A splice variant of the G protein beta 3-subunit implicated in disease states does not modulate ion channels.

A single-nucleotide polymorphism (C825T) in the GNB3 gene produces an alternative splice variant of the heterotrimeric G protein beta3 subunit (Gbeta3). Translation of the alternatively spliced mRNA results in a protein product, Gbeta3-s, in which 41 amino acids are deleted from Gbeta3. Interestingly, previous studies indicate that the C825T allele occurs with a high frequency in patients with certain vascular disorders. However, little information is available regarding the functional role Gbeta3-s might play in ion channel modulation. To examine this aspect, Gbeta3 or Gbeta3-s, along with either Ggamma2 or Ggamma5, were expressed in rat sympathetic neurons by nuclear microinjection of vector encoding the desired protein.
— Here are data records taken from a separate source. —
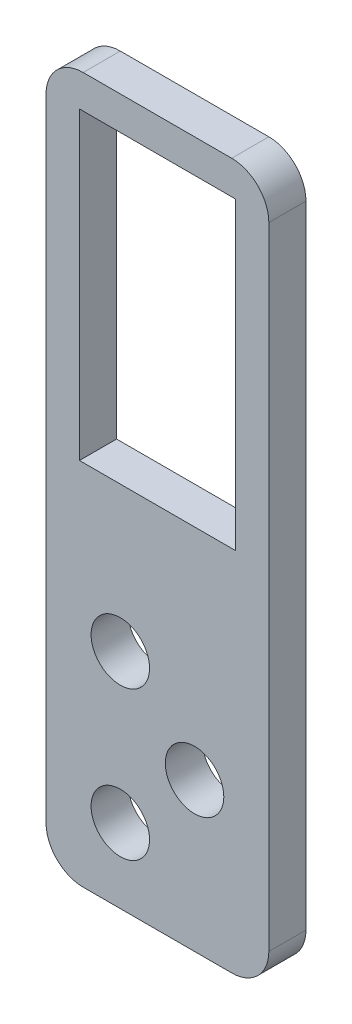
ISO-10303-21;
HEADER;
FILE_DESCRIPTION(('STEP AP214'),'2;1');
FILE_NAME('part.step','',(''),(''),'','','');
FILE_SCHEMA(('AUTOMOTIVE_DESIGN { 1 0 10303 214 1 1 1 1 }'));
ENDSEC;
DATA;
#1=APPLICATION_CONTEXT('core data for automotive mechanical design processes');
#2=APPLICATION_PROTOCOL_DEFINITION('international standard','automotive_design',2000,#1);
#3=PRODUCT_CONTEXT('',#1,'mechanical');
#4=PRODUCT('Part','Part','',(#3));
#5=PRODUCT_RELATED_PRODUCT_CATEGORY('part','',(#4));
#6=PRODUCT_DEFINITION_FORMATION('','',#4);
#7=PRODUCT_DEFINITION_CONTEXT('part definition',#1,'design');
#8=PRODUCT_DEFINITION('design','',#6,#7);
#9=PRODUCT_DEFINITION_SHAPE('','',#8);
#10=(LENGTH_UNIT() NAMED_UNIT(*) SI_UNIT(.MILLI.,.METRE.));
#11=(NAMED_UNIT(*) PLANE_ANGLE_UNIT() SI_UNIT($,.RADIAN.));
#12=(NAMED_UNIT(*) SI_UNIT($,.STERADIAN.) SOLID_ANGLE_UNIT());
#13=UNCERTAINTY_MEASURE_WITH_UNIT(LENGTH_MEASURE(1.E-05),#10,'distance_accuracy_value','');
#14=(GEOMETRIC_REPRESENTATION_CONTEXT(3) GLOBAL_UNCERTAINTY_ASSIGNED_CONTEXT((#13)) GLOBAL_UNIT_ASSIGNED_CONTEXT((#10,
#11,#12)) REPRESENTATION_CONTEXT('',''));
#15=CARTESIAN_POINT('',(0.,0.,0.));
#16=DIRECTION('',(0.,0.,1.));
#17=DIRECTION('',(1.,0.,0.));
#18=AXIS2_PLACEMENT_3D('',#15,#16,#17);
#19=CARTESIAN_POINT('',(0.,-57.7849999999999,6.35));
#20=DIRECTION('',(0.,-1.,0.));
#21=DIRECTION('',(0.,0.,-1.));
#22=AXIS2_PLACEMENT_3D('',#19,#20,#21);
#23=PLANE('',#22);
#24=DIRECTION('',(-1.,0.,0.));
#25=VECTOR('',#24,1.);
#26=CARTESIAN_POINT('',(0.,-57.7849999999999,0.));
#27=LINE('',#26,#25);
#28=CARTESIAN_POINT('',(32.3849999999998,-57.7849999999999,0.));
#29=VERTEX_POINT('',#28);
#30=CARTESIAN_POINT('',(5.71499999999979,-57.7849999999999,0.));
#31=VERTEX_POINT('',#30);
#32=EDGE_CURVE('E158',#29,#31,#27,.T.);
#33=ORIENTED_EDGE('',*,*,#32,.T.);
#34=DIRECTION('',(0.,0.,-1.));
#35=VECTOR('',#34,1.);
#36=CARTESIAN_POINT('',(5.71499999999979,-57.7849999999999,6.35));
#37=LINE('',#36,#35);
#38=CARTESIAN_POINT('',(5.71499999999979,-57.7849999999999,6.35));
#39=VERTEX_POINT('',#38);
#40=EDGE_CURVE('E138',#39,#31,#37,.T.);
#41=ORIENTED_EDGE('',*,*,#40,.F.);
#42=DIRECTION('',(-1.,0.,0.));
#43=VECTOR('',#42,1.);
#44=CARTESIAN_POINT('',(0.,-57.7849999999999,6.35));
#45=LINE('',#44,#43);
#46=CARTESIAN_POINT('',(32.3849999999998,-57.7849999999999,6.35));
#47=VERTEX_POINT('',#46);
#48=EDGE_CURVE('E146',#47,#39,#45,.T.);
#49=ORIENTED_EDGE('',*,*,#48,.F.);
#50=DIRECTION('',(0.,0.,-1.));
#51=VECTOR('',#50,1.);
#52=CARTESIAN_POINT('',(32.3849999999998,-57.7849999999999,6.35));
#53=LINE('',#52,#51);
#54=EDGE_CURVE('E276',#47,#29,#53,.T.);
#55=ORIENTED_EDGE('',*,*,#54,.T.);
#56=EDGE_LOOP('',(#33,#41,#49,#55));
#57=FACE_BOUND('',#56,.T.);
#58=ADVANCED_FACE('F41',(#57),#23,.F.);
#59=CARTESIAN_POINT('',(5.71499999999979,0.,6.35));
#60=DIRECTION('',(-1.,0.,0.));
#61=DIRECTION('',(0.,0.,1.));
#62=AXIS2_PLACEMENT_3D('',#59,#60,#61);
#63=PLANE('',#62);
#64=DIRECTION('',(0.,1.,0.));
#65=VECTOR('',#64,1.);
#66=CARTESIAN_POINT('',(5.71499999999979,0.,0.));
#67=LINE('',#66,#65);
#68=CARTESIAN_POINT('',(5.71499999999979,-5.71499999999994,0.));
#69=VERTEX_POINT('',#68);
#70=EDGE_CURVE('E266',#31,#69,#67,.T.);
#71=ORIENTED_EDGE('',*,*,#70,.T.);
#72=DIRECTION('',(0.,0.,-1.));
#73=VECTOR('',#72,1.);
#74=CARTESIAN_POINT('',(5.71499999999979,-5.71499999999994,6.35));
#75=LINE('',#74,#73);
#76=CARTESIAN_POINT('',(5.71499999999979,-5.71499999999994,6.35));
#77=VERTEX_POINT('',#76);
#78=EDGE_CURVE('E140',#77,#69,#75,.T.);
#79=ORIENTED_EDGE('',*,*,#78,.F.);
#80=DIRECTION('',(0.,1.,0.));
#81=VECTOR('',#80,1.);
#82=CARTESIAN_POINT('',(5.71499999999979,0.,6.35));
#83=LINE('',#82,#81);
#84=EDGE_CURVE('E133',#39,#77,#83,.T.);
#85=ORIENTED_EDGE('',*,*,#84,.F.);
#86=ORIENTED_EDGE('',*,*,#40,.T.);
#87=EDGE_LOOP('',(#71,#79,#85,#86));
#88=FACE_BOUND('',#87,.T.);
#89=ADVANCED_FACE('F136',(#88),#63,.F.);
#90=CARTESIAN_POINT('',(0.,-5.71499999999994,6.35));
#91=DIRECTION('',(0.,-1.,0.));
#92=DIRECTION('',(1.,0.,0.));
#93=AXIS2_PLACEMENT_3D('',#90,#91,#92);
#94=PLANE('',#93);
#95=DIRECTION('',(-1.,0.,0.));
#96=VECTOR('',#95,1.);
#97=CARTESIAN_POINT('',(0.,-5.71499999999994,0.));
#98=LINE('',#97,#96);
#99=CARTESIAN_POINT('',(32.3849999999998,-5.71499999999994,0.));
#100=VERTEX_POINT('',#99);
#101=EDGE_CURVE('E269',#100,#69,#98,.T.);
#102=ORIENTED_EDGE('',*,*,#101,.F.);
#103=DIRECTION('',(0.,0.,-1.));
#104=VECTOR('',#103,1.);
#105=CARTESIAN_POINT('',(32.3849999999998,-5.71499999999994,6.35));
#106=LINE('',#105,#104);
#107=CARTESIAN_POINT('',(32.3849999999998,-5.71499999999994,6.35));
#108=VERTEX_POINT('',#107);
#109=EDGE_CURVE('E166',#108,#100,#106,.T.);
#110=ORIENTED_EDGE('',*,*,#109,.F.);
#111=DIRECTION('',(-1.,0.,0.));
#112=VECTOR('',#111,1.);
#113=CARTESIAN_POINT('',(0.,-5.71499999999994,6.35));
#114=LINE('',#113,#112);
#115=EDGE_CURVE('E145',#108,#77,#114,.T.);
#116=ORIENTED_EDGE('',*,*,#115,.T.);
#117=ORIENTED_EDGE('',*,*,#78,.T.);
#118=EDGE_LOOP('',(#102,#110,#116,#117));
#119=FACE_BOUND('',#118,.T.);
#120=ADVANCED_FACE('F284',(#119),#94,.T.);
#121=CARTESIAN_POINT('',(0.,-120.671250194844,6.35));
#122=DIRECTION('',(0.,1.,0.));
#123=DIRECTION('',(0.,0.,1.));
#124=AXIS2_PLACEMENT_3D('',#121,#122,#123);
#125=PLANE('',#124);
#126=DIRECTION('',(1.,0.,0.));
#127=VECTOR('',#126,1.);
#128=CARTESIAN_POINT('',(0.,-120.671250194844,6.35));
#129=LINE('',#128,#127);
#130=CARTESIAN_POINT('',(6.35000000000001,-120.671250194844,6.35));
#131=VERTEX_POINT('',#130);
#132=CARTESIAN_POINT('',(31.7499999999996,-120.671250194844,6.35));
#133=VERTEX_POINT('',#132);
#134=EDGE_CURVE('E215',#131,#133,#129,.T.);
#135=ORIENTED_EDGE('',*,*,#134,.F.);
#136=DIRECTION('',(0.,0.,-1.));
#137=VECTOR('',#136,1.);
#138=CARTESIAN_POINT('',(6.35000000000001,-120.671250194844,6.35));
#139=LINE('',#138,#137);
#140=CARTESIAN_POINT('',(6.35000000000001,-120.671250194844,0.));
#141=VERTEX_POINT('',#140);
#142=EDGE_CURVE('E11',#131,#141,#139,.T.);
#143=ORIENTED_EDGE('',*,*,#142,.T.);
#144=DIRECTION('',(1.,0.,0.));
#145=VECTOR('',#144,1.);
#146=CARTESIAN_POINT('',(0.,-120.671250194844,0.));
#147=LINE('',#146,#145);
#148=CARTESIAN_POINT('',(31.7499999999996,-120.671250194844,0.));
#149=VERTEX_POINT('',#148);
#150=EDGE_CURVE('E218',#141,#149,#147,.T.);
#151=ORIENTED_EDGE('',*,*,#150,.T.);
#152=DIRECTION('',(0.,0.,-1.));
#153=VECTOR('',#152,1.);
#154=CARTESIAN_POINT('',(31.7499999999996,-120.671250194844,6.35));
#155=LINE('',#154,#153);
#156=EDGE_CURVE('E50',#149,#133,#155,.F.);
#157=ORIENTED_EDGE('',*,*,#156,.T.);
#158=EDGE_LOOP('',(#135,#143,#151,#157));
#159=FACE_BOUND('',#158,.T.);
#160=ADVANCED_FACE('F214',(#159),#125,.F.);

In contrast to Gbeta3, expression of Gbeta3-s did not modulate N-type Ca(2+) or G protein-gated inwardly rectifying K(+) channels. In addition, Gbeta3-s did not appear to complex with a pertussis toxin-insensitive mutant of Galpha(i2) or couple to natively expressed alpha(2)-adrenergic receptors. Finally, fluorescence resonance energy transfer (FRET) measurements indicated that enhanced yellow fluorescent protein (EYFP)-labeled Gbeta3-s does not form a Gbetagamma heterodimer when coexpressed with enhanced cyan fluorescent protein (ECFP)-labeled Ggamma2. Therefore, when expressed in sympathetic neurons, Gbeta3-s appears to lack biological activity--hence pathological conditions in patients carrying the homozygous C825T allele may result from a functional knockout of Gbeta3.